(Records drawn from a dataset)
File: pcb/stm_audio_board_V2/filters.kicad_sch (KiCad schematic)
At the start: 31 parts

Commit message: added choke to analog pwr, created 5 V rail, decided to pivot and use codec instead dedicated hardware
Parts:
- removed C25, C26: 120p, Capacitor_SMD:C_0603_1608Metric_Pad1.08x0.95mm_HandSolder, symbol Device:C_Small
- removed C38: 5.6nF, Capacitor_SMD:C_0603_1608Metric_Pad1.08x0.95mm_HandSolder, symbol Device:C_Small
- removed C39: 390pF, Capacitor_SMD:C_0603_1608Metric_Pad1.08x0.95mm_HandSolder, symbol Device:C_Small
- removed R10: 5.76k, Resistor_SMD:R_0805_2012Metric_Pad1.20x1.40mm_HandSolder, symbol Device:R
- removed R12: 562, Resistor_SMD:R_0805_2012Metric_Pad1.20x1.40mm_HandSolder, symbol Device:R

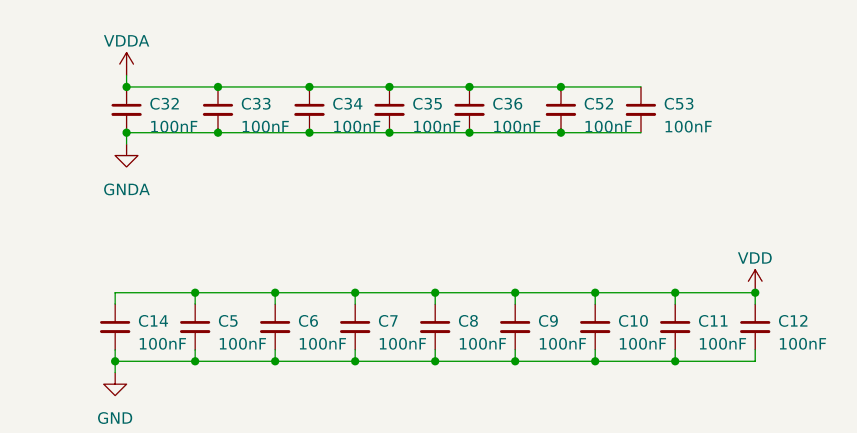
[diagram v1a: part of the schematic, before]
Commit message: ad1939 symbol is finished
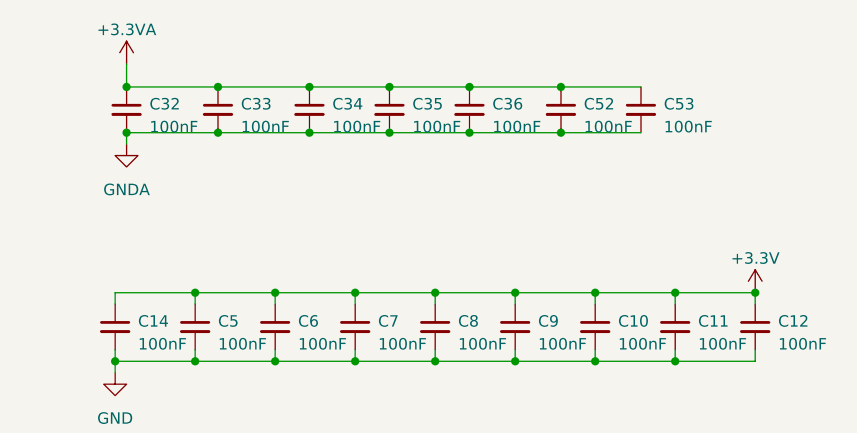
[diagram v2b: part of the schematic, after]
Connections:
- net VDD renamed +3.3V
- net VDDA renamed +3.3VA
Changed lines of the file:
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@@
     (stroke (width 0) (type default))
   )
-  (wire (pts (xy 26.67 26.67) (xy 26.67 27.94))
+  (wire (pts (xy 26.67 25.4) (xy 26.67 27.94))
     (stroke (width 0) (type default))
   )
@@
     )
   )
-  (symbol (lib_id "power:VDD") (at 96.52 50.8 0) (unit 1)
-    (in_bom yes) (on_board yes) (dnp no) (fields_autoplaced)
-    (property "Reference" "#PWR024" (at 96.52 54.61 0)
-      (effects (font (size 1.27 1.27)) hide)
-    )
-    (property "Value" "VDD" (at 96.52 46.99 0)
-      (effects (font (size 1.27 1.27)))
-    )
-    (property "Footprint" "" (at 96.52 50.8 0)
-      (effects (font (size 1.27 1.27)) hide)
-    )
-    (property "Datasheet" "" (at 96.52 50.8 0)
-      (effects (font (size 1.27 1.27)) hide)
-    )
-    (pin "1")
-    (instances
-      (project "stm_audio_board_V2"
-        (path "/6997cf63-2615-4e49-9471-e7da1b6bae71"
-          (reference "#PWR024") (unit 1)
-        )
-        (path "/6997cf63-2615-4e49-9471-e7da1b6bae71/927539c8-c0d0-4950-9b67-385a1cdd80f8"
-          (reference "#PWR024") (unit 1)
-        )
-      )
-    )
-  )
   (symbol (lib_id "Device:C_Small") (at 52.07 54.61 0) (unit 1)
     (in_bom yes) (on_board yes) (dnp no) (fields_autoplaced)
@@
         (path "/6997cf63-2615-4e49-9471-e7da1b6bae71/927539c8-c0d0-4950-9b67-385a1cdd80f8"
           (reference "C12") (unit 1)
-        )
-      )
-    )
-  )
-  (symbol (lib_id "power:VDDA") (at 26.67 26.67 0) (unit 1)
-    (in_bom yes) (on_board yes) (dnp no) (fields_autoplaced)
-    (property "Reference" "#PWR038" (at 26.67 30.48 0)
-      (effects (font (size 1.27 1.27)) hide)
-    )
-    (property "Value" "VDDA" (at 26.67 22.86 0)
-      (effects (font (size 1.27 1.27)))
-    )
-    (property "Footprint" "" (at 26.67 26.67 0)
-      (effects (font (size 1.27 1.27)) hide)
-    )
-    (property "Datasheet" "" (at 26.67 26.67 0)
-      (effects (font (size 1.27 1.27)) hide)
-    )
-    (pin "1")
-    (instances
-      (project "stm_audio_board_V2"
-        (path "/6997cf63-2615-4e49-9471-e7da1b6bae71"
-          (reference "#PWR038") (unit 1)
-        )
-        (path "/6997cf63-2615-4e49-9471-e7da1b6bae71/927539c8-c0d0-4950-9b67-385a1cdd80f8"
-          (reference "#PWR038") (unit 1)
         )
       )
@@
     )
   )
+  (symbol (lib_id "power:+3.3V") (at 96.52 50.8 0) (unit 1)
+    (in_bom yes) (on_board yes) (dnp no) (fields_autoplaced)
+    (property "Reference" "#PWR081" (at 96.52 54.61 0)
+      (effects (font (size 1.27 1.27)) hide)
+    )
+    (property "Value" "+3.3V" (at 96.52 46.99 0)
+      (effects (font (size 1.27 1.27)))
+    )
+    (property "Footprint" "" (at 96.52 50.8 0)
+      (effects (font (size 1.27 1.27)) hide)
+    )
+    (property "Datasheet" "" (at 96.52 50.8 0)
+      (effects (font (size 1.27 1.27)) hide)
+    )
+    (pin "1")
+    (instances
+      (project "stm_audio_board_V2"
+        (path "/6997cf63-2615-4e49-9471-e7da1b6bae71/2eb2ee8f-ab98-4666-97f0-bfacb073bc88"
+          (reference "#PWR081") (unit 1)
+        )
+        (path "/6997cf63-2615-4e49-9471-e7da1b6bae71/927539c8-c0d0-4950-9b67-385a1cdd80f8"
+          (reference "#PWR024") (unit 1)
+        )
+      )
+    )
+  )
   (symbol (lib_id "Device:C_Small") (at 26.67 123.19 0) (unit 1)
     (in_bom yes) (on_board yes) (dnp no) (fields_autoplaced)
@@
         )
       )
+    )
+  )
+  (symbol (lib_id "power:+3.3VA") (at 26.67 25.4 0) (unit 1)
+    (in_bom yes) (on_board yes) (dnp no) (fields_autoplaced)
+    (property "Reference" "#PWR055" (at 26.67 29.21 0)
+      (effects (font (size 1.27 1.27)) hide)
+    )
+    (property "Value" "+3.3VA" (at 26.67 21.59 0)
+      (effects (font (size 1.27 1.27)))
+    )
+    (property "Footprint" "" (at 26.67 25.4 0)
+      (effects (font (size 1.27 1.27)) hide)
+    )
+    (property "Datasheet" "" (at 26.67 25.4 0)
+      (effects (font (size 1.27 1.27)) hide)
+    )
+    (pin "1")
+    (instances
+      (project "stm_audio_board_V2"
+        (path "/6997cf63-2615-4e49-9471-e7da1b6bae71/2eb2ee8f-ab98-4666-97f0-bfacb073bc88"
+          (reference "#PWR055") (unit 1)
+        )
+        (path "/6997cf63-2615-4e49-9471-e7da1b6bae71/927539c8-c0d0-4950-9b67-385a1cdd80f8"
+          (reference "#PWR038") (unit 1)
+        )
+      )

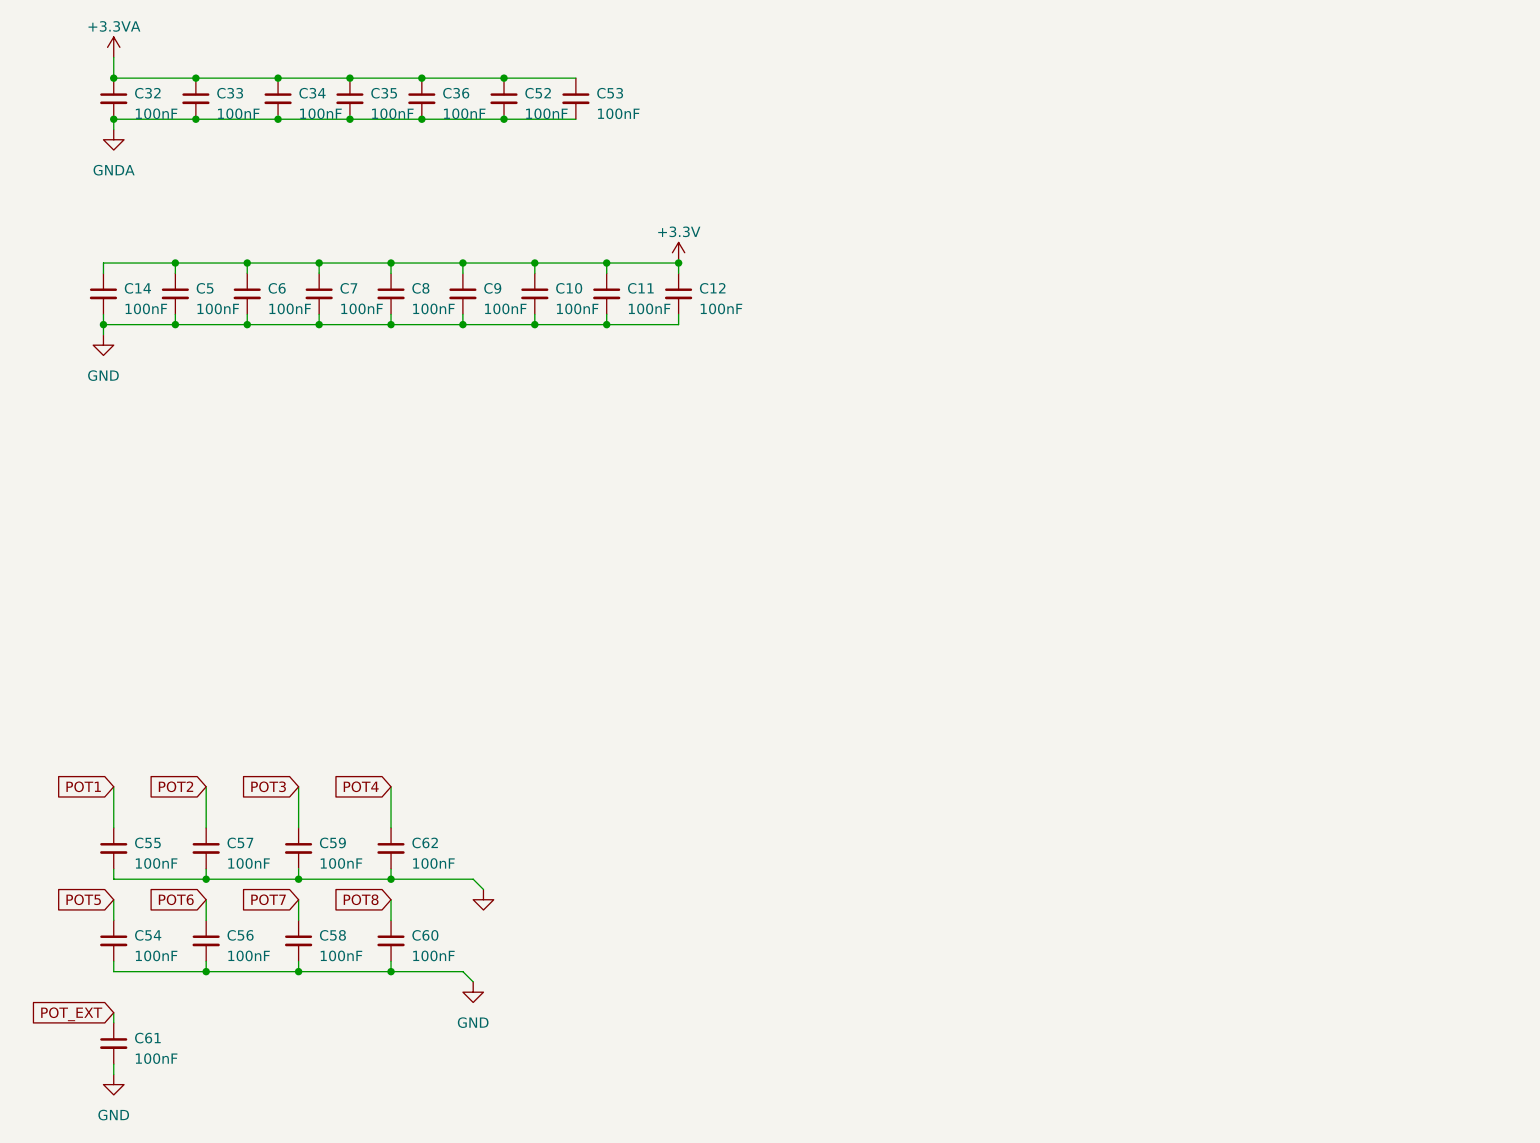
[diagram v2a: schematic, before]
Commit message: input and output stage reworked in sim and in schematic, power filtering is changed, further calculations needed
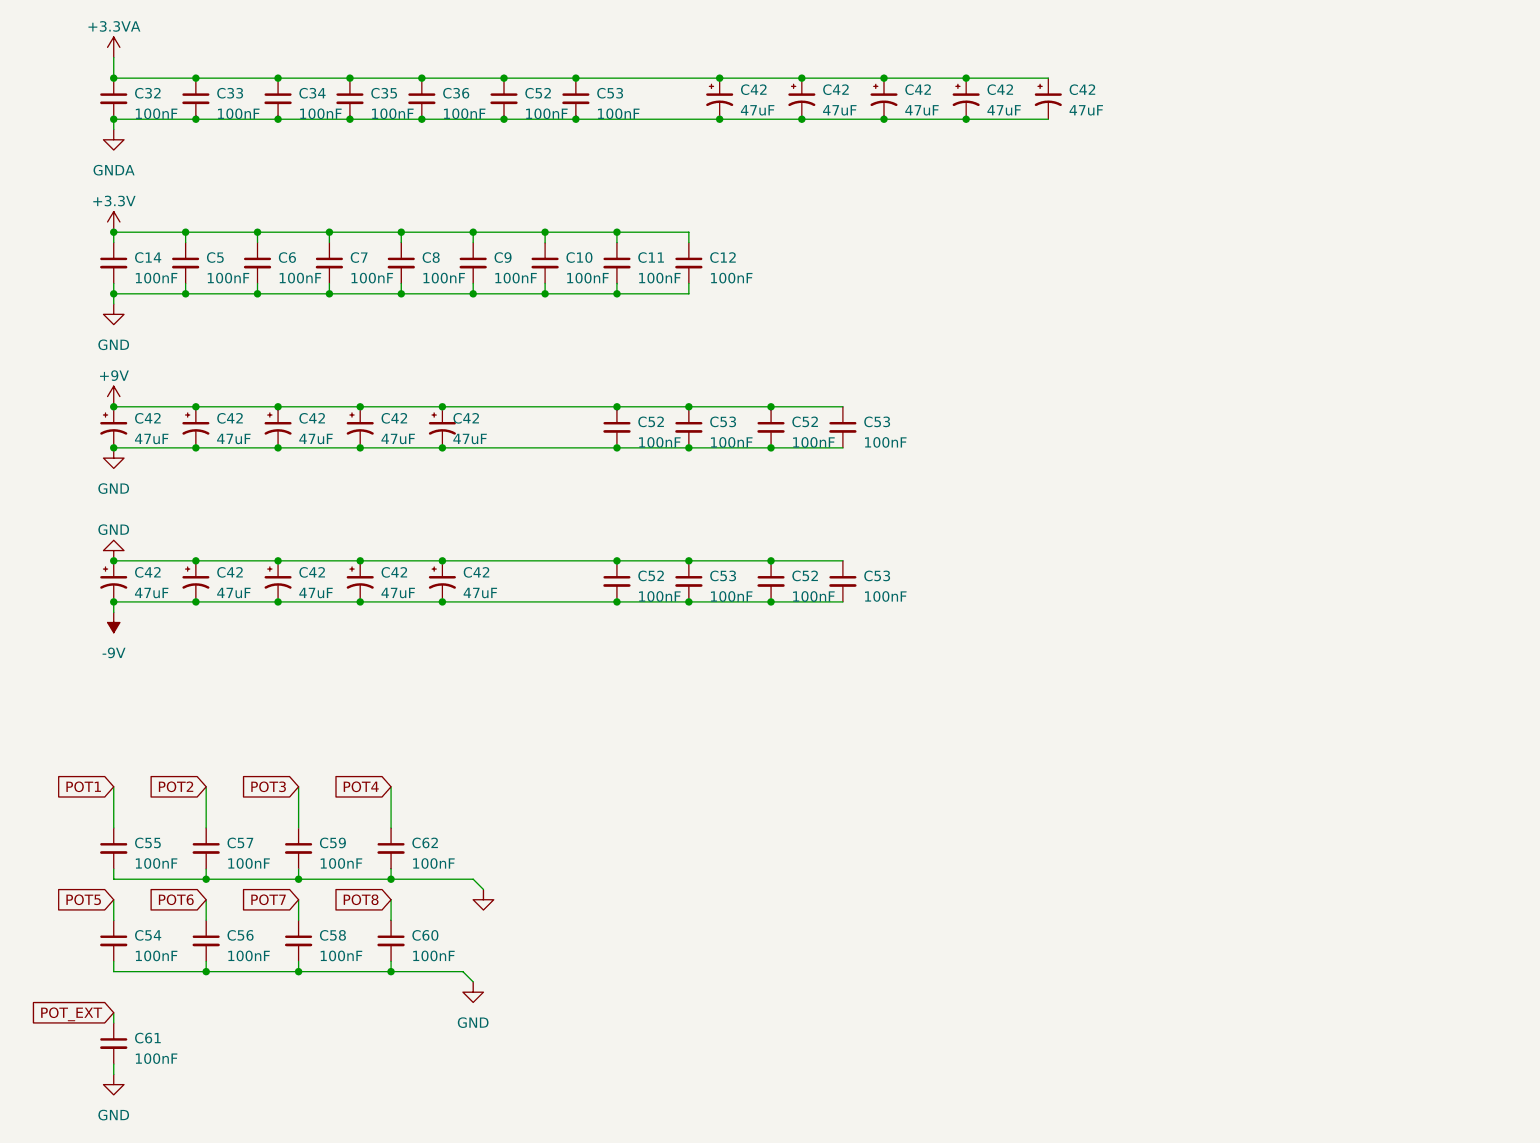
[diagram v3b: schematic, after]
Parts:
- added C42 (x15): 47uF, Capacitor_SMD:C_0805_2012Metric_Pad1.18x1.45mm_HandSolder, symbol Device:C_Polarized_Small_US
- added C52 (x4), C53 (x4): 100nF, Capacitor_SMD:C_0603_1608Metric_Pad1.08x0.95mm_HandSolder, symbol Device:C_Small
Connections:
- net +3.3VA: now also C42.1, C42.1, C42.1, C42.1, C42.1
- net GND: now also C42.1, C42.1, C42.1, C42.1, C42.1, C42.2, C42.2, C42.2, C42.2, C42.2, C52.1, C52.1, C52.2, C52.2, C53.1, C53.1, C53.2, C53.2
- net GNDA: now also C42.2, C42.2, C42.2, C42.2, C42.2
- new net +9V: C42.1, C42.1, C42.1, C42.1, C42.1, C52.1, C52.1, C53.1, C53.1
- new net -9V: C42.2, C42.2, C42.2, C42.2, C42.2, C52.2, C52.2, C53.2, C53.2
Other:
- moved on the sheet: C10, C11, C12, C14, C5, C6, C7, C8, C9

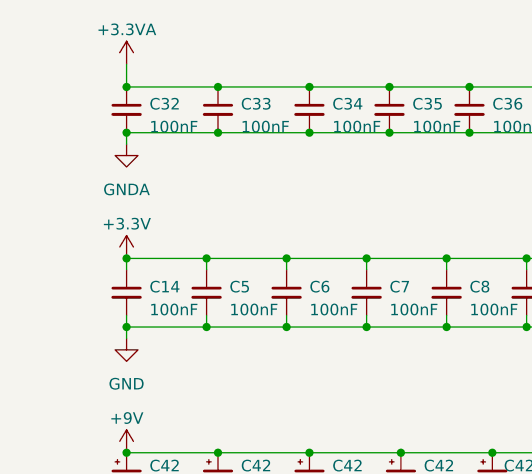
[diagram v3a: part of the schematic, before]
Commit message: PCB design started INPUT and OUTPUT stage done, codec placed
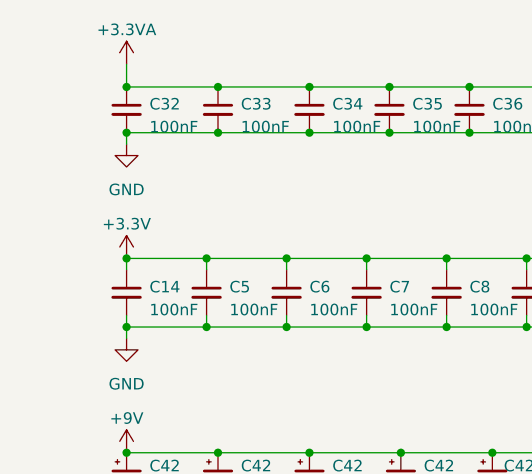
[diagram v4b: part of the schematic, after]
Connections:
- net GNDA is gone; now on net GND: C32.2, C33.2, C34.2, C35.2, C36.2, C42.2, C42.2, C42.2, C42.2, C42.2, C52.2, C53.2
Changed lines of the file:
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@@
+    )
+  )
+  (symbol (lib_id "power:GND") (at 26.67 34.29 0) (unit 1)
+    (in_bom yes) (on_board yes) (dnp no) (fields_autoplaced)
+    (property "Reference" "#PWR05" (at 26.67 40.64 0)
+      (effects (font (size 1.27 1.27)) hide)
+    )
+    (property "Value" "GND" (at 26.67 39.37 0)
+      (effects (font (size 1.27 1.27)))
+    )
+    (property "Footprint" "" (at 26.67 34.29 0)
+      (effects (font (size 1.27 1.27)) hide)
+    )
+    (property "Datasheet" "" (at 26.67 34.29 0)
+      (effects (font (size 1.27 1.27)) hide)
+    )
+    (pin "1")
+    (instances
+      (project "stm_audio_board_V2"
+        (path "/6997cf63-2615-4e49-9471-e7da1b6bae71"
+          (reference "#PWR05") (unit 1)
+        )
+        (path "/6997cf63-2615-4e49-9471-e7da1b6bae71/927539c8-c0d0-4950-9b67-385a1cdd80f8"
+          (reference "#PWR01") (unit 1)
+        )
+      )
     )
   )
@@
         )
       )
-    )
-  )
-  (symbol (lib_id "power:GNDA") (at 26.67 34.29 0) (unit 1)
-    (in_bom yes) (on_board yes) (dnp no) (fields_autoplaced)
-    (property "Reference" "#PWR039" (at 26.67 40.64 0)
-      (effects (font (size 1.27 1.27)) hide)
-    )
-    (property "Value" "GNDA" (at 26.67 39.37 0)
-      (effects (font (size 1.27 1.27)))
-    )
-    (property "Footprint" "" (at 26.67 34.29 0)
-      (effects (font (size 1.27 1.27)) hide)
-    )
-    (property "Datasheet" "" (at 26.67 34.29 0)
-      (effects (font (size 1.27 1.27)) hide)
-    )
-    (pin "1")
-    (instances
-      (project "stm_audio_board_V2"
-        (path "/6997cf63-2615-4e49-9471-e7da1b6bae71"
-          (reference "#PWR039") (unit 1)
-        )
-        (path "/6997cf63-2615-4e49-9471-e7da1b6bae71/927539c8-c0d0-4950-9b67-385a1cdd80f8"
-          (reference "#PWR039") (unit 1)
-        )
-      )

:: Your goal ::
Go through the records above line by line and say how many lines include "Value", giving only that number.

:: Result ::
6